• **ACTIVITY**
Write out exactly, please, every line from the beginning of the entries to the line holding "line L3 (-80, -80) -> (-80, 80)", and no pictures.

*** Begin section ***

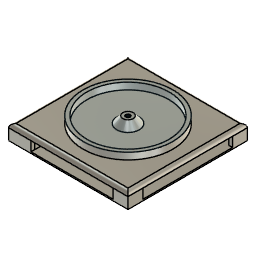
LED Box Holder (Autodesk Fusion 360 design; units mm, degrees)
Autodesk Fusion 360 part; units mm, degrees
sketch "Sketch1" plane through (0, 0, 0) normal (1, 0, 0) x (0, 1, 0)
  line L0 (-80, 80) -> (80, 80)
  line L1 (80, 80) -> (80, -80)
  line L2 (80, -80) -> (-80, -80)
  line L3 (-80, -80) -> (-80, 80)
  line L4 (-80, 80) -> (80, -80) construction
  line L5 (80, 80) -> (-80, -80) construction
  dimension "d1" = 160
  dimension "d2" = 160
  constraint horizontal L0
  constraint perpendicular L0 L1
  constraint parallel L0 L2
  constraint parallel L1 L3
  constraint coincident L4 origin
  constraint coincident L5 origin
  measures "d1" distance of L1.end L2.end
  measures "d2" distance of L0.end L1.end
extrude "Extrude1" add sketch "Sketch1" along normal blind 5 makes body 1
sketch "Sketch2" plane through (5, 0, 0) normal (1, 0, 0) x (0, 1, 0)
  line L0 (-80, -80) -> (80, -80)
  line L1 (80, -80) -> (80, 80)
  line L2 (80, 80) -> (-80, 80)
  line L3 (-80, 80) -> (-80, -80)
  line L4 (-55, 50) -> (55, 50)
  line L5 (55, 50) -> (55, 35)
  line L6 (55, 35) -> (-55, 35)
  line L7 (-55, 35) -> (-55, 50)
  dimension "d5" = 110
  dimension "d6" = 15
  dimension "d7" = 30
  dimension "d8" = 25
  constraint horizontal L4
  constraint vertical L5
  constraint horizontal L6
  constraint vertical L7
  measures "d5" distance of L4.start L4.end
  measures "d6" distance of L4.start L6.end
  measures "d7" distance of L2 L4
  measures "d8" distance of L1 L5
extrude "Extrude2" cut sketch "Sketch2" against normal blind 20 contours L4 L5 L6 L7 bodies 1
sketch "Sketch3" plane through (0, 0, 0) normal (-1, 0, 0) x (0, -1, 0)
  line L0 (-55, 35) -> (-55, 50)
  line L1 (-55, 50) -> (55, 50)
  line L2 (55, 50) -> (55, 35)
  line L3 (55, 35) -> (-55, 35)
  line L4 (-80, -80) -> (80, -80)
  line L5 (80, -80) -> (80, 80)
  line L6 (80, 80) -> (-80, 80)
  line L7 (-80, 80) -> (-80, -80)
  line L8 (-50, 35) -> (-30, 35)
  line L9 (-30, 35) -> (-30, -80)
  line L10 (-30, -80) -> (-50, -80)
  line L11 (-50, -80) -> (-50, 35)
  line L12 (-10, 35) -> (10, 35)
  line L13 (10, 35) -> (10, -80)
  line L14 (10, -80) -> (-10, -80)
  line L15 (-10, -80) -> (-10, 35)
  line L16 (30, 35) -> (50, 35)
  line L17 (50, 35) -> (50, -80)
  line L18 (50, -80) -> (30, -80)
  line L19 (30, -80) -> (30, 35)
  dimension "d11" = 20
  dimension "d12" = 115
  dimension "d13" = 20
  dimension "d14" = 115
  dimension "d15" = 5
  dimension "d17" = 20
  dimension "d18" = 20
  dimension "d19" = 115
  constraint horizontal L8
  constraint vertical L9
  constraint horizontal L10
  constraint vertical L11
  constraint coincident L3 L8.start
  constraint horizontal L12
  constraint vertical L13
  constraint horizontal L14
  constraint vertical L15
  constraint coincident L3 L12.start
  constraint horizontal L16
  constraint vertical L17
  constraint horizontal L18
  constraint vertical L19
  constraint coincident L3 L16.start
  measures "d11" distance of L8.start L8.end
  measures "d12" distance of L8.start L10.end
  measures "d13" distance of L12.start L12.end
  measures "d14" distance of L12.start L14.end
  measures "d15" distance of L0 L11
  measures "d17" distance of L9 L15
  measures "d18" distance of L13 L19
  measures "d19" distance of L16 L18
extrude "Extrude3" cut sketch "Sketch3" against normal blind 3 contours L3 L4 L8 L9 L10 L11 | L3 L4 L12 L13 L14 L15 | L3 L4 L16 L17 L18 L19 bodies 1
extrude "Extrude4" add 3 faces at (0, 18.3333, 70) (0, 23.3333, -41.6667) (0, -23.3333, -3.3333) along direction (-1, 0, 0) blind 10 on bodies 1 bodies 1
sketch "Sketch4" plane through (-10, 0, 0) normal (-1, 0, 0) x (0, -1, 0)
  line L0 (-50, -80) -> (-50, 35)
  line L1 (-50, 35) -> (-55, 35)
  line L2 (-55, 35) -> (-55, 50)
  line L3 (-55, 50) -> (55, 50)
  line L4 (55, 50) -> (55, 35)
  line L5 (55, 35) -> (50, 35)
  line L6 (50, 35) -> (50, -80)
  line L7 (50, -80) -> (80, -80)
  line L8 (80, -80) -> (80, 80)
  line L9 (80, 80) -> (-80, 80)
  line L10 (-80, 80) -> (-80, -80)
  line L11 (-80, -80) -> (-50, -80)
  line L12 (-80, -80) -> (80, -80)
  line L13 (80, -80) -> (80, 80)
  line L14 (80, 80) -> (-80, 80)
  line L15 (-80, 80) -> (-80, -80)
  dimension "d24" = 160
  constraint horizontal L12
  constraint vertical L13
  constraint horizontal L14
  constraint vertical L15
  constraint coincident L10.end L11.start
  measures "d24" distance of L10.end L9.end
extrude "Extrude5" add sketch "Sketch4" along normal blind 5 bodies 1
fillet "Fillet1" radius 5 4 edges at (-15, 0, 80) (-15, 80, 0) (-15, -80, 0) (-15, 0, -80) on bodies 1
sketch "Sketch5" plane through (-15, 0, 0) normal (-1, 0, 0) x (0, -1, 0)
  line L0 (-75, -75) -> (75, -75)
  line L1 (75, -75) -> (75, 75)
  line L2 (75, 75) -> (-75, 75)
  line L3 (-75, 75) -> (-75, -75)
  circle A0 centre (0, 0) radius 60
  constraint coincident A0.centre origin
extrude "Extrude6" add sketch "Sketch5" along normal blind 9 contours A0 bodies 1
sketch "Sketch6" plane through (-24, 0, 0) normal (-1, 0, 0) x (0, -1, 0)
  circle A0 centre (0, 0) radius 60
  circle A1 centre (0, 0) radius 3
  dimension "d31" = 6
  constraint coincident A0.centre A1.centre
  measures "d31" diameter of A1
extrude "Extrude7" cut sketch "Sketch6" against normal blind 10 contours A1 bodies 1
thread "Thread1" "ISO Metric profile 6.0 M6x1 6H" major diameter 6.147 minor diameter 5.035 pitch 1 angle 60 modelled right hand crest width 0.2748 on face at (-17.3333, -2.9963, -0.1495) crest through (-23.75, -2.5175, 0) on bodies 1
sketch "Sketch7" plane through (-24, 0, 0) normal (-1, 0, 0) x (0, -1, 0)
  spline S0 degree 3 poles (-0.7938, -2.9692) (-1.1619, -2.8346) (-1.5007, -2.6305) (-2.069, -2.1114) (-2.2965, -1.8052) (-2.6132, -1.1343) (-2.704, -0.7783) (-2.7408, -0.0652) (-2.6916, 0.2847) (-2.5067, 0.8107) (-2.4149, 0.9977) (-2.1912, 1.3413) (-2.061, 1.4974) (-1.9135, 1.636) knots 0 0 0 0 0.117588 0.117588 0.231087 0.231087 0.340498 0.340498 0.445817 0.445817 0.508297 0.508297 0.569249 0.569249 0.569249 0.569249
  arc A0 (1.9135, 1.636) -> (-1.9135, 1.636) centre (0, 0) ccw
  spline S1 degree 3 poles (1.9135, 1.636) (2.1558, 1.4082) (2.3504, 1.1345) (2.6319, 0.5162) (2.7113, 0.1755) (2.7381, -0.5311) (2.68, -0.8904) (2.4271, -1.5805) (2.2298, -1.9028) (1.817, -2.3542) (1.6364, -2.5092) (1.2382, -2.776) (1.0214, -2.886) (0.7938, -2.9692) knots 0 0 0 0 0.09977 0.09977 0.203618 0.203618 0.311544 0.311544 0.423544 0.423544 0.494428 0.494428 0.566847 0.566847 0.566847 0.566847
  arc A1 (-0.7938, -2.9692) -> (0.7938, -2.9692) centre (0, 0) ccw
  circle A2 centre (0, 0) radius 60
  circle A3 centre (0, 0) radius 55
  circle A4 centre (0, 0) radius 15
  constraint coincident A0.centre A1.centre
  constraint concentric A3 A4
extrude "Extrude8" cut sketch "Sketch7" against normal blind 9 contours A3 bodies 1
chamfer "Chamfer1" distance 8 distance2 9 1 edges at (-24, 13.9849, -5.4242) measured on face at (-24, 0, 10.8112) on bodies 1
copy_body "Body->Comp1" bodies 1 removing the originals makes body 2 in component "Component"
move_body "Move1" bodies 2 to x (0, 0, -1) y (0, -1, 0) z (-1, 0, 0) at (5, 0, 5) in component "Component"
sketch "Sketch8" plane through (85, 0, 0) normal (1, 0, 0) x (0, 1, 0)
  line L0 (-50, 15) -> (-80, 15)
  line L1 (-80, 15) -> (-80, 0)
  line L2 (-80, 0) -> (80, 0)
  line L3 (80, 0) -> (80, 15)
  line L4 (80, 15) -> (50, 15)
  line L5 (50, 15) -> (50, 2)
  line L6 (50, 2) -> (30, 2)
  line L7 (30, 2) -> (30, 15)
  line L8 (30, 15) -> (10, 15)
  line L9 (10, 15) -> (10, 2)
  line L10 (10, 2) -> (-10, 2)
  line L11 (-10, 2) -> (-10, 15)
  line L12 (-10, 15) -> (-30, 15)
  line L13 (-30, 15) -> (-30, 2)
  line L14 (-30, 2) -> (-50, 2)
  line L15 (-50, 2) -> (-50, 15)
  line L16 (-75, 15) -> (75, 15)
  line L17 (75, 15) -> (75, 2)
  line L18 (75, 2) -> (-75, 2)
  line L19 (-75, 2) -> (-75, 15)
  dimension "d40" = 150
  constraint horizontal L16
  constraint vertical L17
  constraint horizontal L18
  constraint vertical L19
  constraint coincident L0 L16.start
  measures "d40" distance of L16.start L16.end
extrude "Extrude1'" cut sketch "Sketch8" against normal blind 130 contours L0 L15 L16 L18 L19 | L4 L5 L16 L17 L18 bodies 2 in component "Component"
sketch "Sketch9" plane through (85, 0, 0) normal (1, 0, 0) x (0, 1, 0)
  line L0 (-75, 2) -> (-75, 15)
  line L1 (-75, 15) -> (-80, 15)
  line L2 (-80, 15) -> (-80, 0)
  line L3 (-80, 0) -> (80, 0)
  line L4 (80, 0) -> (80, 15)
  line L5 (80, 15) -> (75, 15)
  line L6 (75, 15) -> (75, 2)
  line L7 (75, 2) -> (30, 2)
  line L8 (30, 2) -> (30, 15)
  line L9 (30, 15) -> (10, 15)
  line L10 (10, 15) -> (10, 2)
  line L11 (10, 2) -> (-10, 2)
  line L12 (-10, 2) -> (-10, 15)
  line L13 (-10, 15) -> (-30, 15)
  line L14 (-30, 15) -> (-30, 2)
  line L15 (-30, 2) -> (-75, 2)
  line L16 (-10, 15) -> (-15, 15)
  line L17 (-15, 15) -> (-15, 2)
  line L18 (-15, 2) -> (-10, 2)
  line L19 (-10, 2) -> (-10, 15)
  line L20 (10, 15) -> (15, 15)
  line L21 (15, 15) -> (15, 2)
  line L22 (15, 2) -> (10, 2)
  line L23 (10, 2) -> (10, 15)
  dimension "d43" = 5
  dimension "d44" = 13
  dimension "d45" = 5
  dimension "d46" = 13
  constraint horizontal L16
  constraint vertical L17
  constraint horizontal L18
  constraint vertical L19
  constraint coincident L12.end L13.start
  constraint horizontal L20
  constraint vertical L21
  constraint horizontal L22
  constraint vertical L23
  constraint coincident L9.end L10.start
  measures "d43" distance of L12.end L16.end
  measures "d44" distance of L12.end L11.end
  measures "d45" distance of L9.end L20.end
  measures "d46" distance of L9.end L10.end
extrude "Extrude2'" cut sketch "Sketch9" against normal blind 120 contours L12 L13 L16 L17 L18 L19 | L9 L10 L20 L21 L22 L23 bodies 2 in component "Component"
sketch "Sketch10" plane through (0, 80, 0) normal (0, 1, 0) x (-1, 0, 0)
  line L0 (75, 15) -> (-85, 15)
  line L1 (-85, 15) -> (-85, 0)
  line L2 (-85, 0) -> (75, 0)
  line L3 (75, 0) -> (75, 15)
  line L4 (-65, 15) -> (55, 15)
  line L5 (55, 15) -> (55, 3)
  line L6 (55, 3) -> (-65, 3)
  line L7 (-65, 3) -> (-65, 15)
  dimension "d49" = 120
  dimension "d50" = 12
  constraint horizontal L4
  constraint vertical L5
  constraint horizontal L6
  constraint vertical L7
  constraint coincident L0 L4.start
  measures "d49" distance of L4.start L4.end
  measures "d50" distance of L4.start L6.end
extrude "Extrude3'" cut sketch "Sketch10" against normal blind 8 contours L0 L4 L5 L6 L7 bodies 2 in component "Component"
extrude "Extrude4'" add 1 faces at (-48.3333, 72, 11) along direction (0, 1, 0) blind 8 on bodies 2 bodies 2 in component "Component"
sketch "Sketch11" plane through (0, -80, 0) normal (0, -1, 0) x (1, 0, 0)
  line L0 (85, 15) -> (-75, 15)
  line L1 (-75, 15) -> (-75, 0)
  line L2 (-75, 0) -> (85, 0)
  line L3 (85, 0) -> (85, 15)
  line L4 (-55, 15) -> (65, 15)
  line L5 (65, 15) -> (65, 3)
  line L6 (65, 3) -> (-55, 3)
  line L7 (-55, 3) -> (-55, 15)
  dimension "d55" = 120
  dimension "d56" = 12
  constraint horizontal L4
  constraint vertical L5
  constraint horizontal L6
  constraint vertical L7
  constraint coincident L0 L4.start
  measures "d55" distance of L4.start L4.end
  measures "d56" distance of L4.start L6.end
extrude "Extrude5'" cut sketch "Sketch11" against normal blind 5 contours L0 L4 L5 L6 L7 bodies 2 in component "Component"
extrude "Extrude6'" add 1 faces at (-48.3333, -75, 11) along direction (0, -1, 0) blind 5 on bodies 2 bodies 2 in component "Component"
extrude "Extrude7'" cut 1 faces at (28.3333, -78.3333, 3) along direction (0, 0, -1) blind 1 on bodies 2 bodies 2 in component "Component"
extrude "Extrude8'" cut 1 faces at (-8.3333, 78.3333, 3) along direction (0, 0, -1) blind 1 on bodies 2 bodies 2 in component "Component"
sketch "Sketch12" plane through (85, 0, 0) normal (1, 0, 0) x (0, 1, 0)
  line L0 (15, 2) -> (-15, 2)
  line L1 (-15, 2) -> (-15, 15)
  line L2 (-15, 15) -> (-30, 15)
  line L3 (-30, 15) -> (-30, 2)
  line L4 (-30, 2) -> (-75, 2)
  line L5 (-75, 2) -> (-75, 15)
  line L6 (-75, 15) -> (-80, 15)
  line L7 (-80, 15) -> (-80, 0)
  line L8 (-80, 0) -> (80, 0)
  line L9 (80, 0) -> (80, 15)
  line L10 (80, 15) -> (75, 15)
  line L11 (75, 15) -> (75, 2)
  line L12 (75, 2) -> (30, 2)
  line L13 (30, 2) -> (30, 15)
  line L14 (30, 15) -> (15, 15)
  line L15 (15, 15) -> (15, 2)
  line L16 (-30, 15) -> (30, 15)
  line L17 (30, 15) -> (30, 2)
  line L18 (30, 2) -> (-30, 2)
  line L19 (-30, 2) -> (-30, 15)
  constraint horizontal L16
  constraint vertical L17
  constraint horizontal L18
  constraint vertical L19
  constraint coincident L12.end L13.start
  constraint coincident L2.end L3.start
extrude "Extrude9" cut sketch "Sketch12" against normal blind 115 contours L13 L14 L15 L16 L17 L18 | L1 L2 L3 L16 L18 L19 bodies 2 in component "Component"
sketch "Sketch13" plane through (0, -75, 0) normal (0, 1, 0) x (-1, 0, 0)
  line L0 (-65, 2) -> (-65, 15)
  line L1 (-65, 15) -> (-85, 15)
  line L2 (-85, 15) -> (-85, 2)
  line L3 (-85, 2) -> (-65, 2)
  line L4 (-85, 15) -> (-80, 15)
  line L5 (-80, 15) -> (-80, 2)
  line L6 (-80, 2) -> (-85, 2)
  line L7 (-85, 2) -> (-85, 15)
  dimension "d67" = 5
  constraint horizontal L4
  constraint vertical L5
  constraint horizontal L6
  constraint vertical L7
  constraint coincident L1.end L2.start
  measures "d67" distance of L1.end L4.end
extrude "Extrude10" add sketch "Sketch13" along normal blind 15 contours L1 L2 L3 L4 L5 L6 L7 bodies 2 in component "Component"
sketch "Sketch14" plane through (0, 75, 0) normal (0, -1, 0) x (1, 0, 0)
  line L0 (65, 15) -> (65, 2)
  line L1 (65, 2) -> (85, 2)
  line L2 (85, 2) -> (85, 15)
  line L3 (85, 15) -> (65, 15)
  line L4 (85, 15) -> (80, 15)
  line L5 (80, 15) -> (80, 2)
  line L6 (80, 2) -> (85, 2)
  line L7 (85, 2) -> (85, 15)
  dimension "d70" = 5
  constraint horizontal L4
  constraint vertical L5
  constraint horizontal L6
  constraint vertical L7
  constraint coincident L2.end L3.start
  measures "d70" distance of L2.end L4.end
extrude "Extrude11" add sketch "Sketch14" along normal blind 15 contours L1 L2 L3 L4 L5 L6 L7 bodies 2 in component "Component"
sketch "Sketch15" plane through (-45, 0, 0) normal (1, 0, 0) x (0, 1, 0)
  line L0 (80, 2) -> (80, 15)
  line L1 (80, 15) -> (-80, 15)
  line L2 (-80, 15) -> (-80, 2)
  line L3 (-80, 2) -> (-55, 2)
  line L4 (-55, 2) -> (-55, 0)
  line L5 (-55, 0) -> (55, 0)
  line L6 (55, 0) -> (55, 2)
  line L7 (55, 2) -> (80, 2)
  line L8 (-60, 2) -> (60, 2)
  line L9 (60, 2) -> (60, 15)
  line L10 (60, 15) -> (-60, 15)
  line L11 (-60, 15) -> (-60, 2)
  constraint horizontal L8
  constraint vertical L9
  constraint horizontal L10
  constraint vertical L11
  constraint coincident L1 L9.end
  constraint coincident L3 L8.start
extrude "Extrude12" cut sketch "Sketch15" against normal blind 25 contours L1 L3 L7 L8 L9 L10 L11 bodies 2 in component "Component"
sketch "Sketch16" plane through (-45, 0, 0) normal (1, 0, 0) x (0, 1, 0)
  line L0 (-60, 2) -> (-60, 15)
  line L1 (-60, 15) -> (-80, 15)
  line L2 (-80, 15) -> (-80, 2)
  line L3 (-80, 2) -> (-60, 2)
  line L4 (-80, 15) -> (-75, 15)
  line L5 (-75, 15) -> (-75, 2)
  line L6 (-75, 2) -> (-80, 2)
  line L7 (-80, 2) -> (-80, 15)
  constraint horizontal L4
  constraint vertical L5
  constraint horizontal L6
  constraint vertical L7
  constraint coincident L3 L5.end
  constraint coincident L1.end L2.start
extrude "Extrude13" cut sketch "Sketch16" against normal blind 25 contours L0 L1 L3 L5 bodies 2 in component "Component"
sketch "Sketch17" plane through (-45, 0, 0) normal (1, 0, 0) x (0, 1, 0)
  line L0 (60, 15) -> (60, 2)
  line L1 (60, 2) -> (80, 2)
  line L2 (80, 2) -> (80, 15)
  line L3 (80, 15) -> (60, 15)
  line L4 (80, 15) -> (75, 15)
  line L5 (75, 15) -> (75, 2)
  line L6 (75, 2) -> (80, 2)
  line L7 (80, 2) -> (80, 15)
  constraint horizontal L4
  constraint vertical L5
  constraint horizontal L6
  constraint vertical L7
  constraint coincident L1 L5.end
  constraint coincident L2.end L3.start
extrude "Extrude14" cut sketch "Sketch17" against normal blind 25 contours L0 L1 L3 L5 bodies 2 in component "Component"
sketch "Sketch18" plane through (0, 0, 29) normal (0, 0, 1) x (-1, 0, 0)
  circle A0 centre (-5, 0) radius 60
  circle A1 centre (-5, 0) radius 55
component "Component" placed x (1, 0, 0) y (0, 1, 0) z (0, 0, 1) at (0, 0, 0)

*** End section ***

• **RESPONSE BELOW**
LED Box Holder (Autodesk Fusion 360 design; units mm, degrees)
Autodesk Fusion 360 part; units mm, degrees
sketch "Sketch1" plane through (0, 0, 0) normal (1, 0, 0) x (0, 1, 0)
  line L0 (-80, 80) -> (80, 80)
  line L1 (80, 80) -> (80, -80)
  line L2 (80, -80) -> (-80, -80)
  line L3 (-80, -80) -> (-80, 80)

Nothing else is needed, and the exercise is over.